If you understand the Cartesian Coordinate system, remembering which way to turn the cube during the cube rotations is SUPER easy. If you don't, I'm sorry, you'll just have to remember that..

x = turning the whole cube R
Y = turning the whole cube U
z = turning the whole cube F


----------



## fanwuq (Apr 4, 2008)

I like qqwref, lucasgarron, and avgalen's ideas. 
I too have thought about it and arrived at something similar to avgalen's.
I hate the right hand rule for physics! 
I find xyz very intuitive. I understood how to turn them as soon as I figured out that they are whole cube turns. I confused (r) as an optional double layer r at first. But now I can read both well.
i do hate the inconsistencies between puzzles. especially r can be double layer for 3x3 yet be inner for big cubes and tips for pyraminx.


----------



## dChan (Apr 4, 2008)

I think for the 3x3x3, an extra "w" at the end of a notation is best for signifying double layer turns. It conforms better to the whole line of notations for the other puzzles.

It is also easy to understand. Whenever I see, for example, Rw, I say to myself, "R-wide" which tells me to turn two layers because two layers are "wide."


----------



## pcwiz (Apr 4, 2008)

Does anybody here know what the Cartesian Coordinate system is besides Brunson? Because I think it's an excellent way to remember which way to turn the cube.


----------



## qqwref (Apr 4, 2008)

dChan said:


> It is also easy to understand. Whenever I see, for example, Rw, I say to myself, "R-wide" which tells me to turn two layers because two layers are "wide."
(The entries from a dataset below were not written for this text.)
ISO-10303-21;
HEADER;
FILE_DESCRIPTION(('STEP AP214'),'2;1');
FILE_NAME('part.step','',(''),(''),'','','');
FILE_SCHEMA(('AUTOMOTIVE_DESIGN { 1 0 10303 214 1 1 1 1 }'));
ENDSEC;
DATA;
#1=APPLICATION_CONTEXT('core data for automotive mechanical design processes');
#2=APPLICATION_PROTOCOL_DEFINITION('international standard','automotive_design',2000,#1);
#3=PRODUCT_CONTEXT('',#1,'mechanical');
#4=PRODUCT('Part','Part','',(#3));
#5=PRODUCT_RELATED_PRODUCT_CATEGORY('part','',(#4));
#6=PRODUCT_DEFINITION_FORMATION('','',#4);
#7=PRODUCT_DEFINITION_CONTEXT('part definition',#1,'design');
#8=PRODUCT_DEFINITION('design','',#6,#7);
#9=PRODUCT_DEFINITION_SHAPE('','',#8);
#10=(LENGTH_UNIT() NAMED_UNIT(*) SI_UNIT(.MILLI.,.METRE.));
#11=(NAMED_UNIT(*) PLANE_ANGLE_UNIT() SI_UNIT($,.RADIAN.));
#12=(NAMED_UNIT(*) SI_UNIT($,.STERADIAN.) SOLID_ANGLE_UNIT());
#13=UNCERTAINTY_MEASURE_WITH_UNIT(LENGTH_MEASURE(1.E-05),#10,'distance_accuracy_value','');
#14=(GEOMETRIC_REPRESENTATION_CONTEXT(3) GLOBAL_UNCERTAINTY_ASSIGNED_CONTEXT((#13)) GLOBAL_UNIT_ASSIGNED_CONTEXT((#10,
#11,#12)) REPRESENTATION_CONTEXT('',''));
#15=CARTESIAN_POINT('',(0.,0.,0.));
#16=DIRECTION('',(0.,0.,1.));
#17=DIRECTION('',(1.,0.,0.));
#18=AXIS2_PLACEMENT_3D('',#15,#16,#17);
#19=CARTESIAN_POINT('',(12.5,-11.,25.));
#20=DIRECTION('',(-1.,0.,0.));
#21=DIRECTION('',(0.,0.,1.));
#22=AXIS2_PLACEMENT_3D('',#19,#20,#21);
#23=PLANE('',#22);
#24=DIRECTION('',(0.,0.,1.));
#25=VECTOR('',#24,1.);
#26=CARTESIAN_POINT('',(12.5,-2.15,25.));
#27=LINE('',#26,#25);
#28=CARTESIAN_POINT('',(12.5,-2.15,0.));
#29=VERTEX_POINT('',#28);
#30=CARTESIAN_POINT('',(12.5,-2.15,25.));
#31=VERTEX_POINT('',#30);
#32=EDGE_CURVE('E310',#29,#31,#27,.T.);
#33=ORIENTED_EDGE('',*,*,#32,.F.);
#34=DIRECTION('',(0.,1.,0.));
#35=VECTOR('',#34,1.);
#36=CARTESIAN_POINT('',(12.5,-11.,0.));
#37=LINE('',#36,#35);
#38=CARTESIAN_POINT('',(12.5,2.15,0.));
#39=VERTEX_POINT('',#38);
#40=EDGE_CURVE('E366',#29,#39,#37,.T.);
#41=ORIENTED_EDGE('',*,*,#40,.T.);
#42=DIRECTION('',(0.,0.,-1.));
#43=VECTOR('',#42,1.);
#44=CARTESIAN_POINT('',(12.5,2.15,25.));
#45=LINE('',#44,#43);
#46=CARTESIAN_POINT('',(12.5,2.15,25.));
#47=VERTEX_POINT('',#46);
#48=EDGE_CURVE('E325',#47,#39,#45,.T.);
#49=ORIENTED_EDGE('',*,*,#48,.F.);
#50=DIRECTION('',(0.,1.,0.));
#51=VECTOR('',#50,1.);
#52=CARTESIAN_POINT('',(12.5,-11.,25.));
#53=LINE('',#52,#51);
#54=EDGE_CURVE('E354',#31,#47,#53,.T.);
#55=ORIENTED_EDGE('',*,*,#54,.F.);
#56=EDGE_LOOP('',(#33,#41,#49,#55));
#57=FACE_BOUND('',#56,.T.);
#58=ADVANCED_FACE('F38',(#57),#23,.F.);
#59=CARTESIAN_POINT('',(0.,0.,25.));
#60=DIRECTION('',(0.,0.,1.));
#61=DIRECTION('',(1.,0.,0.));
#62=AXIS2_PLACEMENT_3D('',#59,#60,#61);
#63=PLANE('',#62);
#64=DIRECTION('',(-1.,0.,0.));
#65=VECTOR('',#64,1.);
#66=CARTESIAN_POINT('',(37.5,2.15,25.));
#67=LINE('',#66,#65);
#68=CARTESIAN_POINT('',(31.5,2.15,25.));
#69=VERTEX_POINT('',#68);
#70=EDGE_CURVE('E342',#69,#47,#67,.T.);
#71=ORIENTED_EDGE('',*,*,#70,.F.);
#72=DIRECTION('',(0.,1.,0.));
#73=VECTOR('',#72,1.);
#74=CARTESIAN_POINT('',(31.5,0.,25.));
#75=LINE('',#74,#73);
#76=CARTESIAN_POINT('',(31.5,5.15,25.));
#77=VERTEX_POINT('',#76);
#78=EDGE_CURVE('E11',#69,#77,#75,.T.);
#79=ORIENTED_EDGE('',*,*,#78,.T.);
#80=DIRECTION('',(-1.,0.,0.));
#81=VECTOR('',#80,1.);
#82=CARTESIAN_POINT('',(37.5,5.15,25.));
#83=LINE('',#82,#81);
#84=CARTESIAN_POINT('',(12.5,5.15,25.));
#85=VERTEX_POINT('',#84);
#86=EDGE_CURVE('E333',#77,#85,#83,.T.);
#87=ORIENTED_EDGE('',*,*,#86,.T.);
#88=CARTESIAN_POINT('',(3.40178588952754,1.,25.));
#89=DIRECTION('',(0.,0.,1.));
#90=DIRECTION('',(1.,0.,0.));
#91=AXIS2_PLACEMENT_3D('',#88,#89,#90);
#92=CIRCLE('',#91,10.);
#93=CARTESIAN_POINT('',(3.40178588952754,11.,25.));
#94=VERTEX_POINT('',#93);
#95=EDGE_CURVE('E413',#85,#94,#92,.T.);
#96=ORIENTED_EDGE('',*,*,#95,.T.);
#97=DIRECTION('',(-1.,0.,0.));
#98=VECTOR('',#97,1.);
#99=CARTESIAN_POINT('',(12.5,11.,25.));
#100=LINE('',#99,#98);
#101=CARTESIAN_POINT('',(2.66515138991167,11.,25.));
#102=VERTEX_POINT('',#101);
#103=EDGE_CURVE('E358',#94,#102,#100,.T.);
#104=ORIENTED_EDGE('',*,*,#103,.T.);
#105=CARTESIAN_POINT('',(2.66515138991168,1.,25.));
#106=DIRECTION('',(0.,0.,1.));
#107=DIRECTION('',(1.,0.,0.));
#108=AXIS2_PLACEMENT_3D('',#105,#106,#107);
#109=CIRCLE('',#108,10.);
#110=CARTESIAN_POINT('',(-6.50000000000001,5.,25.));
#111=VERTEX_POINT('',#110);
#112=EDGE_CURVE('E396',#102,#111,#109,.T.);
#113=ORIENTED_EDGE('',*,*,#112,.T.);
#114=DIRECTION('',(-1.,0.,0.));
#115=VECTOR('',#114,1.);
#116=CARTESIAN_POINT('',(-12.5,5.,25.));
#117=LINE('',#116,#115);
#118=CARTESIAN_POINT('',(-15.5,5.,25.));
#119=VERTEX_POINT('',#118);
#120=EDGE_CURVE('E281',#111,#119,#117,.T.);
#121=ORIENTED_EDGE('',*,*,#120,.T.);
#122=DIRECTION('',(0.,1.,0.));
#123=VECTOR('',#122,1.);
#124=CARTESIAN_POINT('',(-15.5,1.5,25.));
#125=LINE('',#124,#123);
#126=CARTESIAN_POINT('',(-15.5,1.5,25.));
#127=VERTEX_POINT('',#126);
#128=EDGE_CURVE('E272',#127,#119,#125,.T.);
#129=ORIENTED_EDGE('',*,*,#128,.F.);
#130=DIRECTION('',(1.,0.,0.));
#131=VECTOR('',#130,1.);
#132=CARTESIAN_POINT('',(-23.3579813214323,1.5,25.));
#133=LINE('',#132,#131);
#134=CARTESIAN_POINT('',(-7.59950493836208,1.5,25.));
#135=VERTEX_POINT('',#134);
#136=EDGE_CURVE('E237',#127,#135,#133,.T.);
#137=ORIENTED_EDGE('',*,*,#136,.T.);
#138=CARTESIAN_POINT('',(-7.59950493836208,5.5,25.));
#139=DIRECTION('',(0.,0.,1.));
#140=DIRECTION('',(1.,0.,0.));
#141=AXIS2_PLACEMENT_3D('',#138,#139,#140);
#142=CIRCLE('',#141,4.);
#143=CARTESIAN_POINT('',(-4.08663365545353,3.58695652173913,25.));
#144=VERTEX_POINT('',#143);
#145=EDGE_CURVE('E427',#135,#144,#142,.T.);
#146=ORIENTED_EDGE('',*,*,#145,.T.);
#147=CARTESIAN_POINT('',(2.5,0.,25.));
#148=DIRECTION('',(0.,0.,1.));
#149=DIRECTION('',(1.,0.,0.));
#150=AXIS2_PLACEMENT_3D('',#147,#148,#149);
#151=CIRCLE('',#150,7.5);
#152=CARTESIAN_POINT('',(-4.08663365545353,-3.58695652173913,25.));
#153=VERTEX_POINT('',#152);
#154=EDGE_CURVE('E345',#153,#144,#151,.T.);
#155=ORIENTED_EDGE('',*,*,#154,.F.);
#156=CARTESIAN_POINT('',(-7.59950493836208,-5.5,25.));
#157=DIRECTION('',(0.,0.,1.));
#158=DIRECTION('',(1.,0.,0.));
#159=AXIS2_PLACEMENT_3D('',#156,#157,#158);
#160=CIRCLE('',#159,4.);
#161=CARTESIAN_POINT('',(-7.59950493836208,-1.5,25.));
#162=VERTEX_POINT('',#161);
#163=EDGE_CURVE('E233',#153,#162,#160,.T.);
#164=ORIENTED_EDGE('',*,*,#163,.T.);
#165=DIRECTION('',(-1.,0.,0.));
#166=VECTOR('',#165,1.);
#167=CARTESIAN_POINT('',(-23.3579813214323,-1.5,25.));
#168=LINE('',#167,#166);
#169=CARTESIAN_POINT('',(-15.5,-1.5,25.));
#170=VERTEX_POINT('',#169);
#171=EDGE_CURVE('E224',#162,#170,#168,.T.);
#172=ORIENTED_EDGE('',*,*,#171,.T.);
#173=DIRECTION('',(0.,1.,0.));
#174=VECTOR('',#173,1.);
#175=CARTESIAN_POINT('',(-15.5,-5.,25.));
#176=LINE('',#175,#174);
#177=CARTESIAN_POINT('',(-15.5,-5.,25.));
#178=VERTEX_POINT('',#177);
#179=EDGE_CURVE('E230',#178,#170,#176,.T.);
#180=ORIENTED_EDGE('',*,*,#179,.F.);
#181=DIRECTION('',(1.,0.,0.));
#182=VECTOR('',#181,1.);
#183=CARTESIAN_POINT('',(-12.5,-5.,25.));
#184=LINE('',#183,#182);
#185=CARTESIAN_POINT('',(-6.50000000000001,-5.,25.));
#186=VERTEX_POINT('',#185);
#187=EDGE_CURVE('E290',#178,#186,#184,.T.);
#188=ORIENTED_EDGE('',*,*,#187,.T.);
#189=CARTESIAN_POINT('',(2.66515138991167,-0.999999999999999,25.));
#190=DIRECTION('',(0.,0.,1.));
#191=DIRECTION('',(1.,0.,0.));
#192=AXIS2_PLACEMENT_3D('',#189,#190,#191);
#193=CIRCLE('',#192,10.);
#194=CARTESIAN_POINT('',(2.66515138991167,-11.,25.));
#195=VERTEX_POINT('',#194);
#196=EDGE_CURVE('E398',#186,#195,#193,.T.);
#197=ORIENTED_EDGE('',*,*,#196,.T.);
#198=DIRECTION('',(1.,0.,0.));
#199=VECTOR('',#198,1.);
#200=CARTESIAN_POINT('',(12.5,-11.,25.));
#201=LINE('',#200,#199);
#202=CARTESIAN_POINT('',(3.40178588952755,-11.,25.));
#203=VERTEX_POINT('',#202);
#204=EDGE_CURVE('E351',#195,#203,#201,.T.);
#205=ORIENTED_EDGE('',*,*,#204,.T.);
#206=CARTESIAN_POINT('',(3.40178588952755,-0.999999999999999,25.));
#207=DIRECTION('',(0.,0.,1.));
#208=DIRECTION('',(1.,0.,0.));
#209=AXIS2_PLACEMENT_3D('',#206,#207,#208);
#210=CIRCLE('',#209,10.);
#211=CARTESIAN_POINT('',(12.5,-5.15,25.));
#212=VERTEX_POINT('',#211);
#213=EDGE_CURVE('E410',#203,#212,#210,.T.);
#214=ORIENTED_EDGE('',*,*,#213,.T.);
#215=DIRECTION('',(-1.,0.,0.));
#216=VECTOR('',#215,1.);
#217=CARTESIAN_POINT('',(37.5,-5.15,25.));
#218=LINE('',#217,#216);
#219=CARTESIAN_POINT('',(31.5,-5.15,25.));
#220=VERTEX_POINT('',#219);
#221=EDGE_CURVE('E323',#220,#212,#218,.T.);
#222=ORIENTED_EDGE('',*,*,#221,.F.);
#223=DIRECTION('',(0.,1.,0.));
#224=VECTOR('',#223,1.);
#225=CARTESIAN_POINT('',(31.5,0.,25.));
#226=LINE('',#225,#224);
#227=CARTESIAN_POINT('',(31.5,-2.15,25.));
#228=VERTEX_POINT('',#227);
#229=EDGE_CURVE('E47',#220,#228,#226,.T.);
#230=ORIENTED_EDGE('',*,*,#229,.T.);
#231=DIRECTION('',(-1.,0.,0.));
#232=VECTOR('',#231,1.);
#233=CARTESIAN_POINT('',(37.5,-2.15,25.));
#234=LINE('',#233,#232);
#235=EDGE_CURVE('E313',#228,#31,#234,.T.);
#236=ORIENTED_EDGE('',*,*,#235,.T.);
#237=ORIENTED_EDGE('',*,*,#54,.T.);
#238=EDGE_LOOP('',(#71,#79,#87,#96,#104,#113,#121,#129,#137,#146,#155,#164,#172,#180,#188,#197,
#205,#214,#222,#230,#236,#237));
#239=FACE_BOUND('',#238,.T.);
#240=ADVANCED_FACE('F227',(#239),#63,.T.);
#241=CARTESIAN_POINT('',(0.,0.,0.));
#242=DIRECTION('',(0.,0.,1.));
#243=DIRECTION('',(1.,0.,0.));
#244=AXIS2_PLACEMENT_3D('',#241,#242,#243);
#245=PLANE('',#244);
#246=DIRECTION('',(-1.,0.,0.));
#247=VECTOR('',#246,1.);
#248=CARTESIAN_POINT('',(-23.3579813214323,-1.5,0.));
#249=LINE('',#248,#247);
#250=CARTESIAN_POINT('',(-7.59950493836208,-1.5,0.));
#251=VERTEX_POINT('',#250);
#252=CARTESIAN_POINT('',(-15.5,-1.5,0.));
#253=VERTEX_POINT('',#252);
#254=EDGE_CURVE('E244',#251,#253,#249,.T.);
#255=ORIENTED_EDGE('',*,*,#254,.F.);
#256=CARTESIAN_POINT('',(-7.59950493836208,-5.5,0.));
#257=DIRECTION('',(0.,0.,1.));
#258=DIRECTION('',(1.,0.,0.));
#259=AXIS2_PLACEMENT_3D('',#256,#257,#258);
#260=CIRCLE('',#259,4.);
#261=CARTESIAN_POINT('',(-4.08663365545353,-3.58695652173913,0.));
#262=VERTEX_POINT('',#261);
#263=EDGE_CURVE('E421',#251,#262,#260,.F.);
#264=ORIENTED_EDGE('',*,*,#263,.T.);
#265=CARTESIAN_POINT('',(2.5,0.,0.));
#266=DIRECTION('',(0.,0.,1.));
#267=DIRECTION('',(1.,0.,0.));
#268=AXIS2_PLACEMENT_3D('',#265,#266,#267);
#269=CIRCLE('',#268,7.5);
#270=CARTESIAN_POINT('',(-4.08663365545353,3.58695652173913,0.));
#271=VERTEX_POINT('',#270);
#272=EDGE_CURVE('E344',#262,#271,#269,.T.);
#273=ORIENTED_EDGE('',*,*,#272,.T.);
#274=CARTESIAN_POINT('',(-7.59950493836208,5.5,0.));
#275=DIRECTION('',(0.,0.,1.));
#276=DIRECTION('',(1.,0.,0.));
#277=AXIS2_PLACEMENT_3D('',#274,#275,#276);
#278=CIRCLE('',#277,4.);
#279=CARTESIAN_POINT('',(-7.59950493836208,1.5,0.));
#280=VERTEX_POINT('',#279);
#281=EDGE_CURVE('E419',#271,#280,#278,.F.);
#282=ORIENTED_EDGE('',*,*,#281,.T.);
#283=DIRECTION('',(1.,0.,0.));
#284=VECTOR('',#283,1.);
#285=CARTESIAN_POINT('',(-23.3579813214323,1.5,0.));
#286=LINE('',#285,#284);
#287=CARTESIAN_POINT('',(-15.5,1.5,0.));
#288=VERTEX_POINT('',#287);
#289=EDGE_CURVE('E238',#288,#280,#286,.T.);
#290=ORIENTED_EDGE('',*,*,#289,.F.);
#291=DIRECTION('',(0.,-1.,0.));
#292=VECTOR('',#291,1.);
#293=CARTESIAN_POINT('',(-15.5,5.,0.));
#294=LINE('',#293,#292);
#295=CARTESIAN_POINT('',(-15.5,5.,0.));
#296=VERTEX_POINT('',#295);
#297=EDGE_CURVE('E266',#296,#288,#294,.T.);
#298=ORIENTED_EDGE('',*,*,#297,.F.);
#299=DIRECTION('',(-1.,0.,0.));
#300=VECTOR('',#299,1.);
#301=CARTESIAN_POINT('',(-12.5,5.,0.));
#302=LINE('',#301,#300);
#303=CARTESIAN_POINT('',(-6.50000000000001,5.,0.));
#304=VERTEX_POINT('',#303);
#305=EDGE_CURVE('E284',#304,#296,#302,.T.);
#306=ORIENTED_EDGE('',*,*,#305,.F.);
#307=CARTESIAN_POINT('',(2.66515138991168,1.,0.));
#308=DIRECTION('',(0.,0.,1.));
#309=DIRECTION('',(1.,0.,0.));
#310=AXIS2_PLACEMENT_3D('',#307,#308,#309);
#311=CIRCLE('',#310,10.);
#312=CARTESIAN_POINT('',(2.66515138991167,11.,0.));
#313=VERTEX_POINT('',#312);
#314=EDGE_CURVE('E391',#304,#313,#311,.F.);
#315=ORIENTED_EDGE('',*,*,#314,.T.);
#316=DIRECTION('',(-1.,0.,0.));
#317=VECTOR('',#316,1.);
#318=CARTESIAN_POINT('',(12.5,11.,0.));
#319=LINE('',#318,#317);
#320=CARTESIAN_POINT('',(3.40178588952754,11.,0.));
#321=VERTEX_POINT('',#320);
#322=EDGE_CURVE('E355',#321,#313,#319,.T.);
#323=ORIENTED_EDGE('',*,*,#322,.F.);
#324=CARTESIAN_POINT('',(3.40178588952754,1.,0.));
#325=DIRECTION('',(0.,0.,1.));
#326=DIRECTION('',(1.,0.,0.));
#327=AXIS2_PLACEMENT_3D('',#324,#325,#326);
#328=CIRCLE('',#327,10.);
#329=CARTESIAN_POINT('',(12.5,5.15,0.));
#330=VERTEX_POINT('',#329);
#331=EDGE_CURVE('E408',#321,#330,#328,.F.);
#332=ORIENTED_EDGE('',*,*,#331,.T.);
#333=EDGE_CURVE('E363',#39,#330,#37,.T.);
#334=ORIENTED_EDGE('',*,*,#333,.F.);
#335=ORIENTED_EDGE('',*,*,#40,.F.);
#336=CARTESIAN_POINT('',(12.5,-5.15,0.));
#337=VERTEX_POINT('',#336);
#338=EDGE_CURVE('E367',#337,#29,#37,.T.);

Two layers might be wide for a 3x3, but as I said the notation doesn't work for anything bigger. Two isn't that wide for a 4x4 (isn't 3 layers wider?) and it certainly doesn't cut it on a 7x7.

I hope you will all support me at this new notation I just came up with, for large cubes. It covers every possible move for cubes up to 7x7.
Rxs - one layer (R extra shallow)
Rs - two layers (R shallow)
Rm - three layers (R medium)
Rw - four layers (R wide)
Rxw - five layers (R extra wide)
Rxxw - six layers (R extra extra wide)
You can't get any more intuitive than that. It works just like clothing sizes, which everyone is already familiar with. Everyone should start using this method immediately. I suggest we all make a formal request to the WCA to adopt it. (Or maybe you see my point. Also, it's cumbersome.)



pcwiz said:


> Does anybody here know what the Cartesian Coordinate system is besides Brunson? Because I think it's an excellent way to remember which way to turn the cube.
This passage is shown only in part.